Interessanterweise zeigt sich vor allem bei jungen Priesteramtskandidaten, Diakonen und Priestern eine Tendenz zu erzkonservativen Haltungen. Hört man sich unter Theologiestudenten mit dem Berufsziel Priester um, so sind nicht wenige dabei, die sich eine vorkonziliare Kirche wünschen. Gerade von jungen Menschen würde man doch eigentlich erwarten, dass sie aufgeschlossen, tolerant und kritisch sind. Wie kommt es zu dieser erzkonservativen Haltung?

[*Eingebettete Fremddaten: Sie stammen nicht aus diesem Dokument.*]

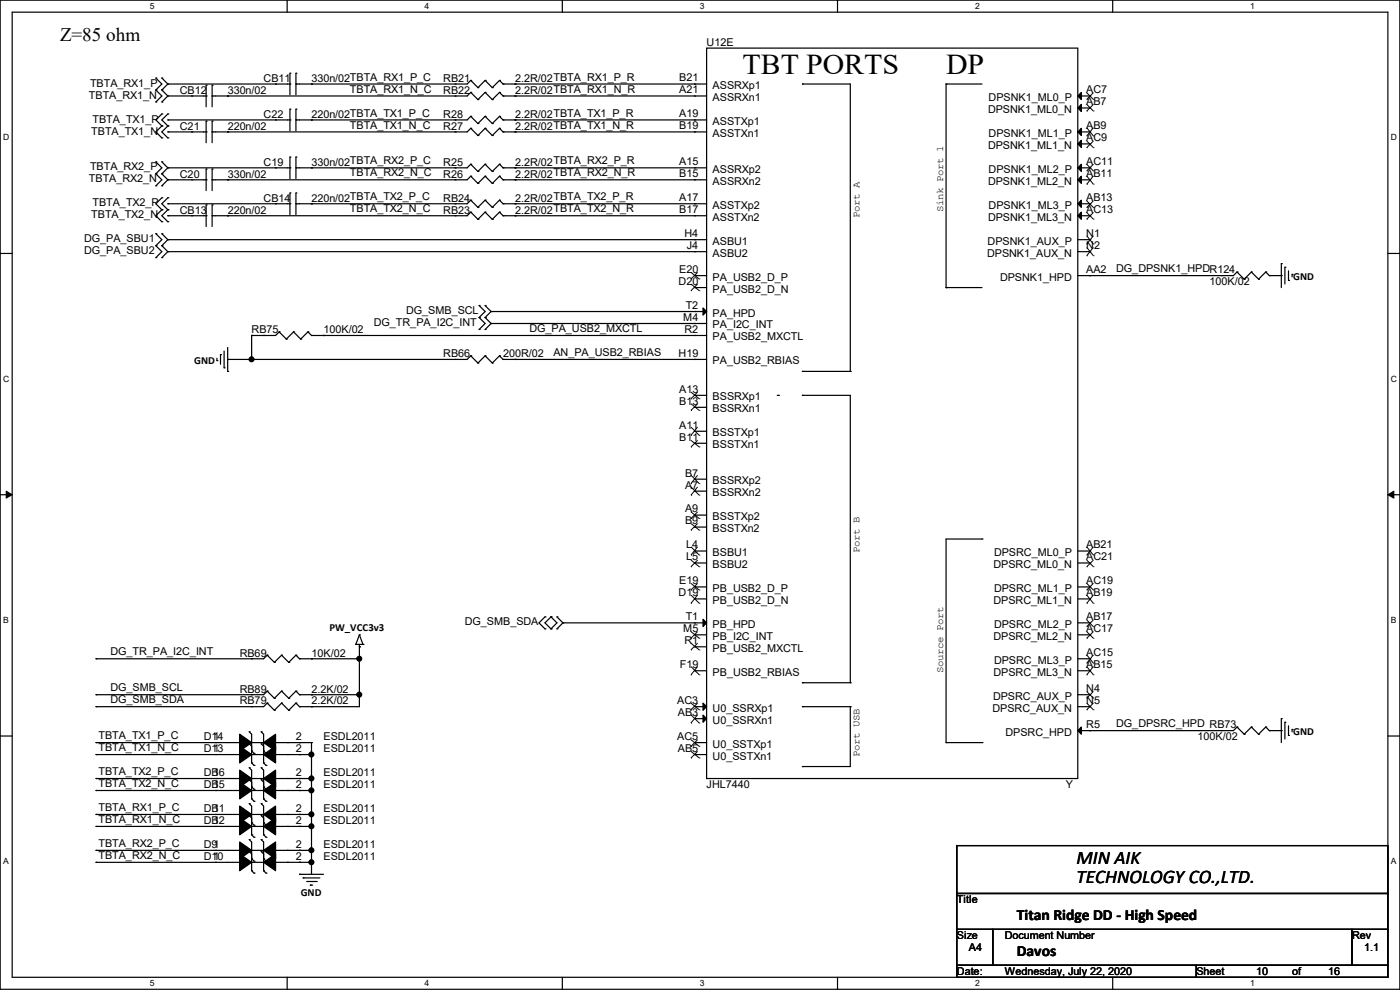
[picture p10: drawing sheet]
<svg xmlns="http://www.w3.org/2000/svg" width="297mm" height="210mm" viewBox="0 0 297 210" stroke-linecap="round" stroke-linejoin="round" font-family="sans-serif">
<path d="M0 0h297v209.8h-297zM2.6 2.6h291.8v204.7h-291.8z" fill="none" stroke="#000" stroke-width=".25"/>
<g fill="#fff">
<path d="M31.7 .3h1v2h-1z"/>
<path d="M31.7 207.6h1v2h-1z"/>
</g>
<path d="M60.9 0v2.6M60.9 207.3v2.5" fill="none" stroke="#000" stroke-width=".25"/>
<g fill="#fff">
<path d="M90.1 .3h1v2h-1z"/>
<path d="M90.1 207.6h1v2h-1z"/>
</g>
<path d="M119.3 0v2.6M119.3 207.3v2.5" fill="none" stroke="#000" stroke-width=".25"/>
<g fill="#fff">
<path d="M148.5 .3h.9v2h-.9z"/>
<path d="M148.5 207.6h.9v2h-.9z"/>
</g>
<path d="M177.7 0v2.6M177.7 207.3v2.5" fill="none" stroke="#000" stroke-width=".25"/>
<g fill="#fff">
<path d="M206.8 .3h1v2h-1z"/>
<path d="M206.8 207.6h1v2h-1z"/>
</g>
<path d="M236.1 0v2.6M236.1 207.3v2.5" fill="none" stroke="#000" stroke-width=".25"/>
<g fill="#fff">
<path d="M265.2 .3h1v2h-1z"/>
<path d="M265.2 207.6h1v2h-1z"/>
<path d="M.7 28.2h1.2v1.9h-1.2z"/>
<path d="M295.1 28.2h1.2v1.9h-1.2z"/>
<path d="M.7 79.3h1.2v2h-1.2z"/>
<path d="M295.1 79.3h1.2v2h-1.2z"/>
</g>
<path d="M0 53.8h2.6M294.4 53.8h2.6" fill="none" stroke="#000" stroke-width=".25"/>
<g fill="#fff">
<path d="M.7 130.5h1.2v2h-1.2z"/>
<path d="M295.1 130.5h1.1v2h-1.1z"/>
</g>
<path d="M0 104.9h2.6M294.4 104.9h2.6" fill="none" stroke="#000" stroke-width=".25"/>
<path d="M1.3 104.2l1.3 .7-1.3 .8zM294.4 104.9l1.3-.7v1.5z" fill="#000" stroke="#000" stroke-width=".21"/>
<g fill="#fff">
<path d="M.7 181.7h1.2v2h-1.2z"/>
<path d="M295.1 181.7h1.1v2h-1.1z"/>
</g>
<g fill="none" stroke="#000" stroke-width=".25">
<path d="M33.1 16.6h.1M33.1 19.1h.1M33.1 16.6l1.2 1.2-1.2 1.3M33.1 19.1l1.2 1.3-1.2 1.2M34.3 16.6h.1M34.3 19.1h.1M34.3 16.6l1.3 1.2M34.3 19.1l1.3 1.3M35.6 17.8h.1M35.6 17.8l-1.3 1.3M35.6 17.8h25.9M43.7 18.1h.1"/>
<path d="M43.7 18.1v4.5M45 18.1h.1M45 18.1v4.5M58.5 17.8h.1M61.5 17.8h.1M61.5 15.5h.1M61.5 15.5v4.6M62.8 15.5h.1M62.8 17.8h.1M62.8 15.5v4.6M66.1 17.8h.1M96.6 17.8h.1"/>
<path d="M99.9 17.1h.1M99.9 19.6h.1M99.9 17.1l-.8 .7h-36.3M99.9 17.1l1.5 1.5M99.9 19.6l-.8 .8h-54.1M99.9 19.6l1.5 1.5M101.4 18.6h.1M102.9 17.1h.1M102.9 19.6h.1M102.9 17.1l-1.5 1.5M102.9 17.1l1.5 1.5M102.9 19.6l-1.5 1.5"/>
<path d="M102.9 19.6l1.5 1.5M104.4 18.6h.1M106 17.1h.1M106 19.6h.1M106 17.1l-1.6 1.5M106 17.1l.7 .7M106 19.6l-1.6 1.5M106 19.6l.7 .8M106.7 17.8h.1M106.7 17.8h43.2M109.3 17.8h.1M147.4 17.8h.1"/>
<path d="M149.9 10.2h78.7v154.9h-78.7zM170.2 17.8h.1M170.2 17.8h10.2v61M200.7 17.8h.1M200.7 17.8h7.6M200.7 17.8v43.2M33.1 21.6h.1M33.1 34.3h.1M33.1 36.9h.1M33.1 39.4h.1M33.1 34.3l1.2 1.3-1.2 1.3M33.1 36.9l1.2 1.2-1.2 1.3"/>
<path d="M34.3 21.6h.1M34.3 34.3h.1M34.3 36.9h.1M34.3 39.4h.1M34.3 26.7h.1M34.3 29.3h.1M34.3 24.2h.1M34.3 34.3l1.3 1.3M34.3 36.9l1.3 1.2M34.3 26.7l-1.2 1.3 1.2 1.3M34.3 24.2l-1.2 1.2 1.2 1.3M35.6 26.7h.1"/>
<path d="M35.6 29.3h.1M35.6 24.2h.1M35.6 20.4h.1M35.6 25.4h.1M35.6 35.6h.1M35.6 28h.1M35.6 38.1h.1M35.6 20.4l-1.3 1.2M35.6 35.6l-1.3 1.3M35.6 38.1l-1.3 1.3M35.6 26.7l-1.3 1.3 1.3 1.3M35.6 24.2l-1.3 1.2 1.3 1.3"/>
<path d="M35.6 20.4h8.1M35.6 35.6h25.9M35.6 38.1h8.1M35.6 28h8.1M35.6 25.4h25.9M40.7 28h.1M40.7 38.1h.1M40.7 20.4h.1M43.7 28h.1M43.7 25.7h.1M43.7 38.1h.1M43.7 35.9h.1"/>
<path d="M43.7 20.4h.1M43.7 25.7v4.6M43.7 35.9v4.5M45 25.7h.1M45 28h.1M45 35.9h.1M45 38.1h.1M45 20.4h.1M45 25.7v4.6M45 35.9v4.5M48.3 28h.1M48.3 38.1h.1"/>
<path d="M48.3 20.4h.1M58.5 35.6h.1M58.5 25.4h.1M61.5 35.6h.1M61.5 33.3h.1M61.5 25.4h.1M61.5 23.2h.1M61.5 23.2v4.5M61.5 33.3v4.6M62.8 33.3h.1M62.8 35.6h.1M62.8 23.2h.1"/>
<path d="M62.8 25.4h.1M62.8 23.2v4.5M62.8 33.3v4.6M66.1 35.6h.1M66.1 25.4h.1M96.6 20.4h.1M96.6 35.6h.1M96.6 38.1h.1M96.6 28h.1M96.6 25.4h.1M99.9 34.8h.1M99.9 37.4h.1"/>
<path d="M99.9 27.2h.1M99.9 24.7h.1M99.9 34.8l-.8 .8h-36.3M99.9 34.8l1.5 1.6M99.9 37.4l-.8 .7h-54.1M99.9 37.4l1.5 1.5M99.9 27.2l-.8 .8h-54.1M99.9 24.7l-.8 .7h-36.3M99.9 27.2l1.5 1.5M99.9 24.7l1.5 1.5M101.4 21.1h.1M101.4 36.4h.1"/>
<path d="M101.4 38.9h.1M101.4 28.7h.1M101.4 26.2h.1M102.9 34.8h.1M102.9 37.4h.1M102.9 27.2h.1M102.9 24.7h.1M102.9 34.8l-1.5 1.6M102.9 34.8l1.5 1.6M102.9 37.4l-1.5 1.5M102.9 37.4l1.5 1.5M102.9 27.2l-1.5 1.5"/>
<path d="M102.9 27.2l1.5 1.5M102.9 24.7l-1.5 1.5M102.9 24.7l1.5 1.5M104.4 21.1h.1M104.4 36.4h.1M104.4 38.9h.1M104.4 28.7h.1M104.4 26.2h.1M106 34.8h.1M106 37.4h.1M106 27.2h.1M106 24.7h.1"/>
<path d="M106 34.8l-1.6 1.6M106 34.8l.7 .8M106 37.4l-1.6 1.5M106 37.4l.7 .7M106 27.2l-1.6 1.5M106 27.2l.7 .8M106 24.7l-1.6 1.5M106 24.7l.7 .7M106.7 20.4h.1M106.7 35.6h.1M106.7 38.1h.1M106.7 28h.1"/>
<path d="M106.7 25.4h.1M106.7 20.4h43.2M106.7 35.6h43.2M106.7 38.1h43.2M106.7 28h43.2M106.7 25.4h43.2M109.3 20.4h.1M109.3 35.6h.1M109.3 38.1h.1M109.3 28h.1M109.3 25.4h.1M147.4 28h.1"/>
<path d="M147.4 25.4h.1M147.4 38.1h.1M147.4 35.6h.1M147.4 20.4h.1M228.6 20.4h2.6M228.6 35.6h2.6M228.6 38.1h2.6M228.6 28h2.6M228.6 30.5h2.6M228.6 22.9h2.6M231.2 35.6h.1M231.2 38.1h.1"/>
<path d="M231.2 28h.1M231.2 30.5h.1M231.2 20.4h.1M231.2 22.9h.1M33.1 52.1h.1M33.1 54.7h.1M33.1 49.6h.1M33.1 52.1l1.2 1.3-1.2 1.3M33.1 49.6l1.2 1.2-1.2 1.3M34.3 52.1h.1M34.3 54.7h.1M34.3 49.6h.1"/>
<path d="M34.3 44.5h.1M34.3 47h.1M34.3 42h.1M34.3 52.1l1.3 1.3M34.3 49.6l1.3 1.2M34.3 44.5l-1.2 1.3 1.2 1.2M34.3 42l-1.2 1.2 1.2 1.3M35.6 44.5h.1M35.6 47h.1M35.6 42h.1M35.6 50.8h.1M35.6 53.4h.1"/>
<path d="M35.6 43.2h.1M35.6 45.8h.1M35.6 53.4l-1.3 1.3M35.6 50.8l-1.3 1.3M35.6 44.5l-1.3 1.3 1.3 1.2M35.6 42l-1.3 1.2 1.3 1.3M35.6 43.2h25.9M35.6 53.4h114.3M35.6 45.8h8.1M35.6 50.8h114.3M40.7 45.8h.1M43.7 45.8h.1"/>
<path d="M43.7 43.5h.1M43.7 43.5v4.5M45 43.5h.1M45 45.8h.1M45 43.5v4.5M48.3 45.8h.1M58.5 43.2h.1M61.5 43.2h.1M61.5 40.9h.1M61.5 40.9v4.6M62.8 40.9h.1M62.8 43.2h.1"/>
<path d="M62.8 40.9v4.6M66.1 43.2h.1M96.6 45.8h.1M96.6 43.2h.1M99.9 45h.1M99.9 42.5h.1M99.9 42.5l-.8 .7h-36.3M99.9 45l-.8 .8h-54.1M99.9 45l1.5 1.5M99.9 42.5l1.5 1.5M101.4 46.5h.1M101.4 44h.1"/>
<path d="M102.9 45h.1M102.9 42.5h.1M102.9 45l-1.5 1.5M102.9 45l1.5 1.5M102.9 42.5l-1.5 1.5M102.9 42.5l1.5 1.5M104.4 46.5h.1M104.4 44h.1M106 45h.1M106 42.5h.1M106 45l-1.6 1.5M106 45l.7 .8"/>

Dafür gibt es vermutlich verschiedene Ursachen wie beispielsweise einem konservativen Elternhaus, dem Einfluss des konservativen Gemeindepfarrers oder auch der Blendung durch die alte, pompöse Liturgie bzw. der Sehnsucht nach Geltung und Macht (der Pfarrer als geachteter, respektierter Mann).

Erzkonservative nutzen auch das Internet

Um konservatives Gedankengut und dem damit verbundenen Menschenbild zu verbreiten, werden natürlich auch die Medien genutzt. David Berger war ja vor seinem "Fall in Ungnade" selbst Chefredakteur von "Theologisches", einer Zeitschrift, die von erzkonservativen Theologen als Sprachrohr verwendet wird. Aber auch Internetseiten (z.B. kreuz.net, die inzwischen abgeschaltete Hetzseite erzkonservativer Möchtegernchristen) werden herangezogen, um die eigene Sicht darzulegen und wenn nötig, Andersdenkende zu diskreditieren. Zumindest bieten sie aber die Möglichkeit, deutlich zu machen, dass liberale Ansichten ein "Irrweg" sind, der direkt in die Hölle führt. Die katholische Kirche distanzierte sich zwar öffentlich von kreuz.net, so mancher Kirchfürst wird aber den oft menschenverachtenden Artikeln still zugestimmt haben. Zumindest lässt sich dies, mit Blick auf die Äußerungen verschiedener Würdenträger, vermuten.